1st, I have searched quite a bit and have seemed to finding a concensus when it comes to clearing long gravel driveways. It seems that a truck with a pipe on the plow blade is the preferred method. Followed closely be a tractor with blower implements.

I wanted to get your experienced thoughts for my particular situations.

I am in the process of purchasing a 10acre parcel of land in North Idaho with a 1/2 mile gravel driveway. A 1/4 mile of the driveway is exclusive to the property. I'll have to maintain that driveway. It has grades from flat all the way to 16% with 3 gentle switchbacks. The road has been cleared well and has room to store snow. The house is on top of the hill. Average snowfall is around 70". The record snowfalls occured 2 and 3 years ago with ~140" of snow. The driveway is facing North and West, so ice could be a problem.

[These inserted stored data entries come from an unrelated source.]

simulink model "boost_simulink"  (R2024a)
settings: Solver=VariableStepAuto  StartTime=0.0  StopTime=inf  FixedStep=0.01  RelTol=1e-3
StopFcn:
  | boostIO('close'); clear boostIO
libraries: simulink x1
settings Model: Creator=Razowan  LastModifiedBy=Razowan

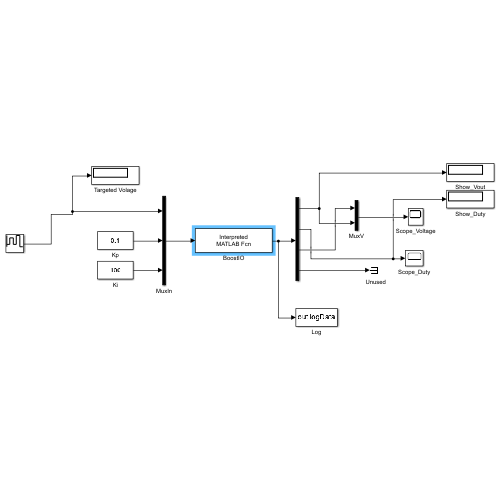
[thumbnail: Simulink's stored preview of the top-level diagram]
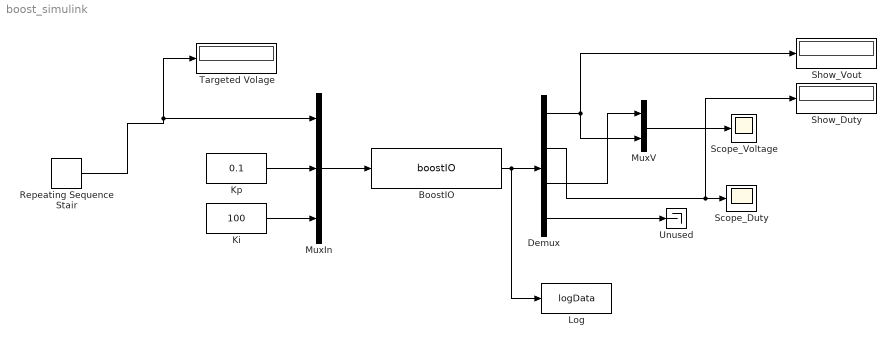
== system boost_simulink ==
  BoostIO : MATLABFcn  MATLABFcn=boostIO  OutputDimensions=4  OutputSignalType=real  SampleTime=0.01
  Demux : Demux
  Ki : Constant  Value=100
  Kp : Constant  Value=0.1
  Log : ToWorkspace  VariableName=logData  SampleTime=-1
  MuxIn : Mux  Inputs=3
  MuxV : Mux  Inputs=2
  Repeating Sequence Stair : simulink/Sources/Repeating Sequence Stair  OutValues=[10 15 10 17 8].'  tsamp=5  OutMin=[]  OutMax=[]  OutDataTypeStr=double  OutputDataTypeScalingMode=double  OutDataType=fixdt(0,8)  ConRadixGroup=Best Precision: Vector-wise  OutScaling=2^-12
  Scope_Duty : Scope
  Scope_Voltage : Scope
  Show_Duty : Display
  Show_Vout : Display
  Targeted Volage : Display
  Unused : Terminator
  wires:
  Repeating Sequence Stair/1 -> Targeted Volage/1, MuxIn/1
  Kp/1 -> MuxIn/2
  Ki/1 -> MuxIn/3
  MuxIn/1 -> BoostIO/1
  BoostIO/1 -> Log/1, Demux/1
  Demux/3 -> MuxV/1
  Demux/1 -> Show_Vout/1, MuxV/2
  MuxV/1 -> Scope_Voltage/1
  Demux/2 -> Scope_Duty/1, Show_Duty/1
  Demux/4 -> Unused/1

I own a 2008 Toyota Tundra CrewMax with the 5.7L engine. My first thought is to buy a snow plow for the front and simply push the snow off the road on my way to work in the morning. Second thought is to purchase a tractor with 28 horsepower, loader on front and blade on the back.

Recommendations?


----------



## ry_rock (Jul 21, 2011)

Personally I would put a blade on the tundra OR get a blower for the tractor just my .02
good luck!


----------



## Idahoaggie98 (Sep 13, 2011)

Looks like the blade on the truck is the most cost effective way to go....


----------



## mercer_me (Sep 13, 2008)

Put a plow on the Tundra. The Tundra will treat you good for plowing. A 28HP tractor is to small to plow a 1/2 mile IMO. I use a Tundra to plow with so if you have any questions just ask.


----------



## MtnCowboy (Dec 20, 2009)

I have mountain acreage and a house in the North Cascades with a 1.1 mile gravel access road and an average 96" of snow... last year 130".

I use an ATV/blade and small garden tractor/blower. A neighbor in the next canyon over uses a dozer, front loader and 10-yard gravel truck with highway plow. He's faster but beats up his road - I'm slow but hardly ever lose a piece of gravel.

If it's an either/or choice between a front loader and plow go with the latter since almost all of your snow removal will be done with the plow. If an overnight storm snows you in you can always hire a dozer/front loader with operator. I've handled a 3.5' dump with just the ATV and garden tractor so you'll be fine, especially, as you say, you have room to stack snow off of the road. My road is nominally 12' wide and hugs a steep mountainside: I have to push every snowflake over the road outslope.

As for ice: chains, studs, sand. Also carry strap-on cleats for your shoes.


----------



## Idahoaggie98 (Sep 13, 2011)

Thanks everyone for your recommendations. Very thoughtfull!

Well, I purchased the house and negotiated a 25hp Kubota tractor. I can use this for fine work. I have my eye on a older jeep wrangler for day to day plowing. My thinking is that for less than $5k, I can beat up this older jeep, and take the stress off my nice truck. Plus I'll get the added bonus of having a play vehicle in the summer.


----------



## Stik208 (Oct 19, 2004)

If you're going to spend $5000 on a beater jeep and it's only your driveway why not get a 7'6" V for the Tundra? With the V you would be ok handling deep snow if you get a freak year like 3 yrs ago, throw it in v and go down the middle.


----------



## Dubl0Vert (Sep 10, 2011)

Idahoaggie98;1309134 said:


> Thanks everyone for your recommendations. Very thoughtfull!
> 
> Well, I purchased the house and negotiated a 25hp Kubota tractor. I can use this for fine work. I have my eye on a older jeep wrangler for day to day plowing. My thinking is that for less than $5k, I can beat up this older jeep, and take the stress off my nice truck. Plus I'll get the added bonus of having a play vehicle in the summer.


Beware of the Jeep......it funnels funds from other projects into its rusty quarters. I got an '84 to plow with and once I got it running well my wife started driving it....now its too nice to put a plow on! But its great on the beach in the summer!prsport


----------